В его голосе было лихорадочное возбуждение. Тусклой дрожью были охвачены мои руки, ноги и мысли, когда я последовал за ним к розовому бассейну. Он бросил рыбку туда. В падении ее чешуя вспыхнула горячим оранжевым блеском, рыбка забилась всем тельцем, но, как только вошла в жидкость, замерла и тяжело опустилась на дно. Затем появилась молочная пена, причудливые оттенки зазмеились по поверхности, а после этого сноп чистого света прорвался, казалось, из бесконечных глубин. Борис погрузил туда ладонь и вытащил изящную мраморную вещицу – с синими прожилками, покрытую опалово-розовыми каплями.
– Баловство, – пробормотал он и устало, тоскливо взглянул на меня, но мне нечего было ему ответить.
Джек Скотт принялся «баловаться» с пылом. Нам ничего не оставалось, как опробовать эксперимент на белом кролике. Мне хотелось, чтобы Борис отвлекся от забот, но смотреть, как лишают жизни белое, теплое существо, я не мог. Взяв наугад книгу с полки, я уселся в студии и принялся читать. Увы! Я вытащил «Короля в желтом». Через несколько мгновений, которые показались мне вечностью, я с нервной дрожью поставил книгу на место, а Борис и Джек внесли в комнату мраморного кролика.
Наверху зазвенел колокольчик, из спальни больной донесся крик. Борис исчез, словно вспышка, и в следующий момент выкрикнул:
– Джек! Беги за доктором, приведи его. Алек, иди сюда!

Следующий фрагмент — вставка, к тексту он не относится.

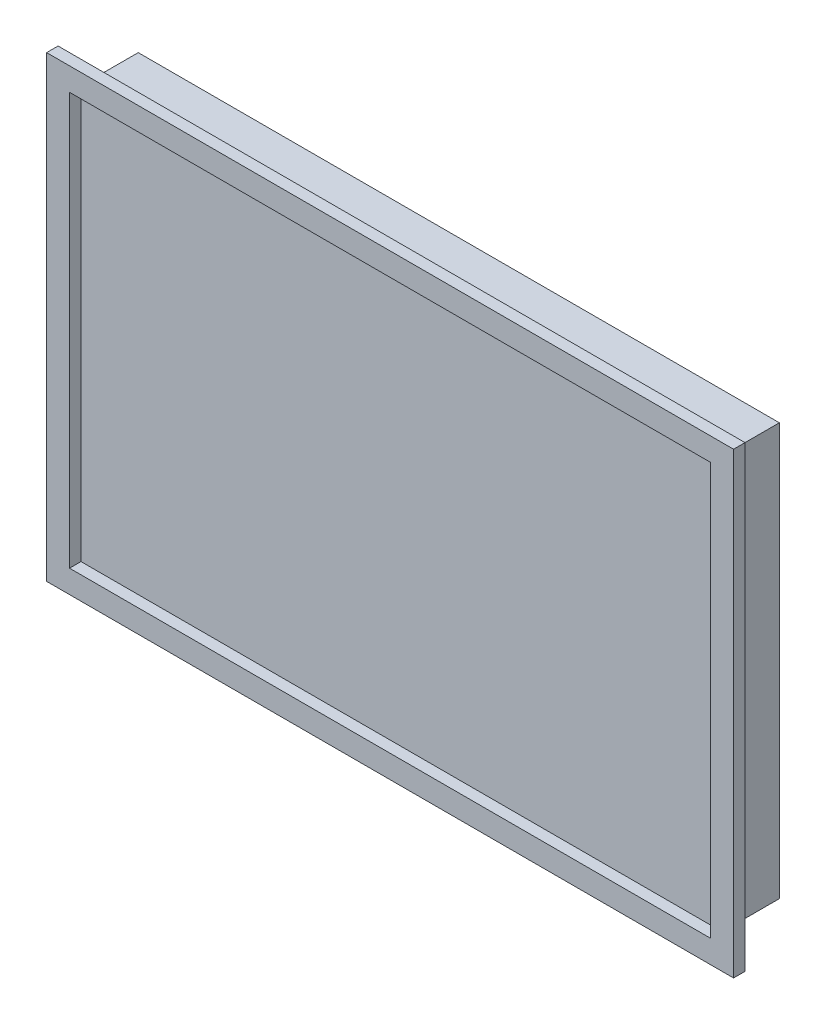
SolidWorks part; units mm, degrees
material "Q235A"
ref_plane "前视" through (0, 0, 0) normal (0, 0, 1) x (1, 0, 0)
ref_plane "上视" through (0, 0, 0) normal (0, 1, 0) x (1, 0, 0)
ref_plane "右视" through (0, 0, 0) normal (1, 0, 0) x (0, 0, -1)
sketch "草图1" plane through (0, 0, 0) normal (0, 0, 1) x (1, 0, 0)
  line L1 (150, -100) -> (-150, -100)
  line L2 (150, -100) -> (150, 100)
  line L3 (150, 100) -> (-150, 100)
  line L4 (-150, -100) -> (-150, 100)
  line L5 (150, -100) -> (-150, 100) construction
  line L6 (150, 100) -> (-150, -100) construction
  point P0 (0, 0)
  dimension "D1" = 300
  dimension "D2" = 200
extrude "凸台-拉伸1" add sketch "草图1" along normal blind 30
sketch "草图2" plane through (0, 0, 30) normal (0, 0, 1) x (1, 0, 0)
  line L0 (150, 100) -> (-150, 100) construction
  line L1 (140, -90) -> (-140, -90)
  line L2 (140, -90) -> (140, 90)
  line L3 (140, 90) -> (-140, 90)
  line L4 (-140, -90) -> (-140, 90)
  line L5 (140, -90) -> (-140, 90) construction
  line L6 (140, 90) -> (-140, -90) construction
  line L7 (-150, 100) -> (-150, -100) construction
  point P0 (0, 0)
  dimension "D1" = 10
  dimension "D2" = 10
extrude "切除-拉伸1" cut sketch "草图2" against normal blind 5
sketch "草图3" plane through (0, 0, 0) normal (0, 0, -1) x (-1, 0, 0)
  line L0 (-150, 100) -> (150, 100) construction
  line L1 (140, -90) -> (-140, -90)
  line L2 (140, -90) -> (140, 90)
  line L3 (140, 90) -> (-140, 90)
  line L4 (-140, -90) -> (-140, 90)
  line L5 (140, -90) -> (-140, 90) construction
  line L6 (140, 90) -> (-140, -90) construction
  line L7 (-150, -100) -> (-150, 100) construction
  point P0 (0, 0)
  dimension "D1" = 10
  dimension "D2" = 10
extrude "切除-拉伸2" cut sketch "草图3" against normal blind 25 flip side to cut

Я подошел и остановился у двери в спальню. Встревоженная служанка выбежала за лекарством. Женевьева сидела, выпрямившись, с побагровевшим лицом и сверкающими глазами, она что-то невнятно бормотала и все пыталась отвести от себя руки Бориса. Он позвал меня на помощь. Как только я коснулся ее, она вздохнула и откинулась назад, закрыв глаза, а когда мы склонились над ней, вдруг прямо взглянула на Бориса – бедняжка, совсем обезумела от лихорадки! – и раскрыла наш секрет.
В тот же миг три наши жизни потекли по новому руслу. Узы, которые так долго удерживали нас вместе, были разорваны навсегда, а вместо них образовались новые, ибо она прошептала мое имя. Измученная лихорадкой, она сняла со своего сердца тяжесть тайной печали. Изумленный и немой, я склонил голову с пылающим лицом, я почти ничего не слышал от звона в ушах. Я не мог двигаться, не мог говорить, только слушал ее лихорадочный шепот, сгорая от стыда и печали. Я не мог заставить ее замолчать и не мог смотреть на Бориса. Потом я почувствовал на своем плече его руку. Борис повернул ко мне бескровное лицо.
– Ты ни в чем не виноват, Алек, не печалься, если она тебя любит…
Он не успел закончить, потому что в комнату вошел доктор со словами: «Это грипп!» Я схватил за руку Джека Скотта и поспешил с ним на улицу, выдавив из себя:
– Борису нужно побыть одному.
Мы разошлись по домам. В ту ночь, подозревая, что я тоже заболеваю, он послал за доктором. Последнее, что я отчетливо помню, были слова Джека:
– Ради бога, доктор, почему у него такое лицо?
В этот миг я думал о Короле в желтом и Бледной Маске.
Я был болен всерьез, потому что вырвалось наружу напряжение двух последних лет, копившееся с того рокового майского утра, когда Женевьева промолвила:
– Я люблю тебя, но, кажется, Бориса люблю сильнее.
Я не думал тогда, что мне будет так тяжело все это переносить. Внешне спокойный, я обманывал себя. Внутренняя битва бушевала ночь за ночью, и, лежа в своей комнате, я проклинал себя за подлые мысли, за свое предательство Бориса, за то, что был недостоин Женевьевы. Утро всегда приносило мне облегчение, и я возвращался к ним с чистым сердцем, что было оплакано и омыто ночным штормом. Никогда ни словом, ни делом, ни мыслью рядом с ними я не признавался в своем несчастье даже самому себе.
А потом я перестал носить маску самообмана – она стала частью меня самого. Ночь приподняла ее, обнажая задушенную правду, но некому было увидеть ее, кроме меня. На рассвете была сорвана окончательно. Эти мысли проносились в моем беспокойном разуме во время болезни, опутанные видениями белых сущностей, тяжелых, как камни Бориса, падающие на дно бассейна, – я видел оскаленную волчью голову на ковре, из пасти ее текла пена прямо на Женевьеву, которая лежала рядом и улыбалась. Я думал о Короле в желтом, вокруг которого в безветрии змеилось его изодранное рубище, и о горьком крике Кассильды: «Помилуй нас, король, помилуй нас!»